[Work request] Copy exactly the stretch of data below from the line with "Q1, Q2: MMBT3904;" through the line with "R18: 1k; R_0402_1005Metric;", including both of those lines.

════════

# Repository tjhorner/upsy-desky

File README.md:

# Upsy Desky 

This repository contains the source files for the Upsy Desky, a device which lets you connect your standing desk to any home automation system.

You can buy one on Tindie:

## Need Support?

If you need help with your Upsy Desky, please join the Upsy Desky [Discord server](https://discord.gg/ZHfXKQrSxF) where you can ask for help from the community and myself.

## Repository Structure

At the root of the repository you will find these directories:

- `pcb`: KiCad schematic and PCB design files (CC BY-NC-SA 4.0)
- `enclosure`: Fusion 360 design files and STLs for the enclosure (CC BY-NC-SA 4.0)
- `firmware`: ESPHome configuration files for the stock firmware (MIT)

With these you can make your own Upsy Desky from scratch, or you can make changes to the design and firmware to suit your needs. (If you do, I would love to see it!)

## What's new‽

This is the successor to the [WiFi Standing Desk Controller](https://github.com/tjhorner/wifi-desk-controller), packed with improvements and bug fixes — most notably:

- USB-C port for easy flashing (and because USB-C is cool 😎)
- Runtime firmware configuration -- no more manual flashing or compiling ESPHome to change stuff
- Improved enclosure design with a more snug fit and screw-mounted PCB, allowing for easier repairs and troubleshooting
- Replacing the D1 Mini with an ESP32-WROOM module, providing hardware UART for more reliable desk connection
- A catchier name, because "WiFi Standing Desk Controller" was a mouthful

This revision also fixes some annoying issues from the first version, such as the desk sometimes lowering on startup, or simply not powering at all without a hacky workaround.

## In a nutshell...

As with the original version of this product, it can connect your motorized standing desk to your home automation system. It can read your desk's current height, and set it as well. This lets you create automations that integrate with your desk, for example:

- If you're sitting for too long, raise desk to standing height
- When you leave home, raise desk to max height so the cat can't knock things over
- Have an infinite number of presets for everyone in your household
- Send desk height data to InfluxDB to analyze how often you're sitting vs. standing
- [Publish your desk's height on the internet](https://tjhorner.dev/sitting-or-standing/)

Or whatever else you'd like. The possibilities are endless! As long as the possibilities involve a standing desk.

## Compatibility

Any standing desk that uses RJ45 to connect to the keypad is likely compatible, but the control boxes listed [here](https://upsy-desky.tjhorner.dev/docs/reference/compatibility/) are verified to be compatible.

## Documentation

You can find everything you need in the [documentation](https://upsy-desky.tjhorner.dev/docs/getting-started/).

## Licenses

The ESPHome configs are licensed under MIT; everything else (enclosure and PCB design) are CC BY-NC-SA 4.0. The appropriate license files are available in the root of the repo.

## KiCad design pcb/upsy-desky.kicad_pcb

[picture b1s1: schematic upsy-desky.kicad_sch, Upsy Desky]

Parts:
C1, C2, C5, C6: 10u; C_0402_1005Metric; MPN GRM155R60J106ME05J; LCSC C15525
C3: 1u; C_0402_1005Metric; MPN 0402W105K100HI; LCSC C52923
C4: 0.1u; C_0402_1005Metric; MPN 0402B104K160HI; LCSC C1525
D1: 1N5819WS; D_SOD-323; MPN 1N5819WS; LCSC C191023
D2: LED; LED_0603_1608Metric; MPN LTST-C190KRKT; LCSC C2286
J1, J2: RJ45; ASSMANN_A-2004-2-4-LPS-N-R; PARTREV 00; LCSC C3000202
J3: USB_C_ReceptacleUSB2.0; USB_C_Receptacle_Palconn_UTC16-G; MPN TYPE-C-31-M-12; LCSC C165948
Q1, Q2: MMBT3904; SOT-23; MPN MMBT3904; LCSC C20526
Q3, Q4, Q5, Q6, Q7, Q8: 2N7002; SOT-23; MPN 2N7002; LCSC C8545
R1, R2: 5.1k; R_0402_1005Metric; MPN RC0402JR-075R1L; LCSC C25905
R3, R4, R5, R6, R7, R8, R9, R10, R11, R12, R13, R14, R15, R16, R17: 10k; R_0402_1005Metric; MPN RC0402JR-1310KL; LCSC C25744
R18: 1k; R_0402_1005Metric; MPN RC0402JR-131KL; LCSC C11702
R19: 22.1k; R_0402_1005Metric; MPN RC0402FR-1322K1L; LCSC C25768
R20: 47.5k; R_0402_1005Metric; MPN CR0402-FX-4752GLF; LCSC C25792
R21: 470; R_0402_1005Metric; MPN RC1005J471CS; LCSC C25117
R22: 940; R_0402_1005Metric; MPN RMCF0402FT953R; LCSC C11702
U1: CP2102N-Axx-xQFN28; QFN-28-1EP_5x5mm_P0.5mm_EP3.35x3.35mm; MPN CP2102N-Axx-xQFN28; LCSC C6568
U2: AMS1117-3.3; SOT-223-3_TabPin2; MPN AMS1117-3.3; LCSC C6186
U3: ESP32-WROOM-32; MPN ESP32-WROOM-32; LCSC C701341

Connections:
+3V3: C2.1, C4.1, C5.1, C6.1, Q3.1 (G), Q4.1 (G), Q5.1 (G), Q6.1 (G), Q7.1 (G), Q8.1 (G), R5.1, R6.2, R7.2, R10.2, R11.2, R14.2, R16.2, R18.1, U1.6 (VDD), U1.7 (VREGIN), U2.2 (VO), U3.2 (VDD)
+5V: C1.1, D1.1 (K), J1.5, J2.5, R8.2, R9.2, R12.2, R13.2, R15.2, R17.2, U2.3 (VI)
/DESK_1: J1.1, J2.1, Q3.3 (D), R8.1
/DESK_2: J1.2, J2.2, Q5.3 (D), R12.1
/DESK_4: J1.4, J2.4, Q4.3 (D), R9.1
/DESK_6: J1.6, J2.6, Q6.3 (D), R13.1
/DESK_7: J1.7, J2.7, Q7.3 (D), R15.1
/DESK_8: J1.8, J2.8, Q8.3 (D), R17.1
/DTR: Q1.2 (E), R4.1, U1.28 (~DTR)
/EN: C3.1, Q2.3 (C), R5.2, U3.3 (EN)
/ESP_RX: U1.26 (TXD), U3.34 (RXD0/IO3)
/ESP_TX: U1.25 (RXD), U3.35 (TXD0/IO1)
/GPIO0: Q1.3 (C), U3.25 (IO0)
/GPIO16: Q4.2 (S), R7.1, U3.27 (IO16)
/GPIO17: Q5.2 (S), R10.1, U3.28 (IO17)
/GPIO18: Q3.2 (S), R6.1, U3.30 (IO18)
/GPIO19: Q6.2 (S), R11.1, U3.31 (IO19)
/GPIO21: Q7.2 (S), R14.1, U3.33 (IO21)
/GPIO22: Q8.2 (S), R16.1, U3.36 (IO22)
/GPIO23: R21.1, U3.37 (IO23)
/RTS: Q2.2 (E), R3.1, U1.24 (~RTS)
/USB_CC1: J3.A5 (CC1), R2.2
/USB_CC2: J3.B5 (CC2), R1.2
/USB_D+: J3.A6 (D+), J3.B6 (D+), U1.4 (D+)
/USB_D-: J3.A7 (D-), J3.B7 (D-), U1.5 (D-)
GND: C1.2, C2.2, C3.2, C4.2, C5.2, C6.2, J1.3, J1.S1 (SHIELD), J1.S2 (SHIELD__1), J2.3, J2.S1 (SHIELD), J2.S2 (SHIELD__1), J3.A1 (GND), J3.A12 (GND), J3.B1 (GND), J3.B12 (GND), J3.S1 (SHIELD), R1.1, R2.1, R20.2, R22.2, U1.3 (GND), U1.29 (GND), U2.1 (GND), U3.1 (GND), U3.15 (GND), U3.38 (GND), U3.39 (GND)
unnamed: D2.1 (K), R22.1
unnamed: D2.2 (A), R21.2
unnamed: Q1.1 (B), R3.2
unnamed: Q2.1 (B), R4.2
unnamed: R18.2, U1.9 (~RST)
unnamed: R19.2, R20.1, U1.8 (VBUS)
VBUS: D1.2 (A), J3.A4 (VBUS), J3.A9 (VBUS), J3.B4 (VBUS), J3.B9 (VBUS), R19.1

════════

[Result of the exercise]
Q1, Q2: MMBT3904; SOT-23; MPN MMBT3904; LCSC C20526
Q3, Q4, Q5, Q6, Q7, Q8: 2N7002; SOT-23; MPN 2N7002; LCSC C8545
R1, R2: 5.1k; R_0402_1005Metric; MPN RC0402JR-075R1L; LCSC C25905
R3, R4, R5, R6, R7, R8, R9, R10, R11, R12, R13, R14, R15, R16, R17: 10k; R_0402_1005Metric; MPN RC0402JR-1310KL; LCSC C25744
R18: 1k; R_0402_1005Metric; MPN RC0402JR-131KL; LCSC C11702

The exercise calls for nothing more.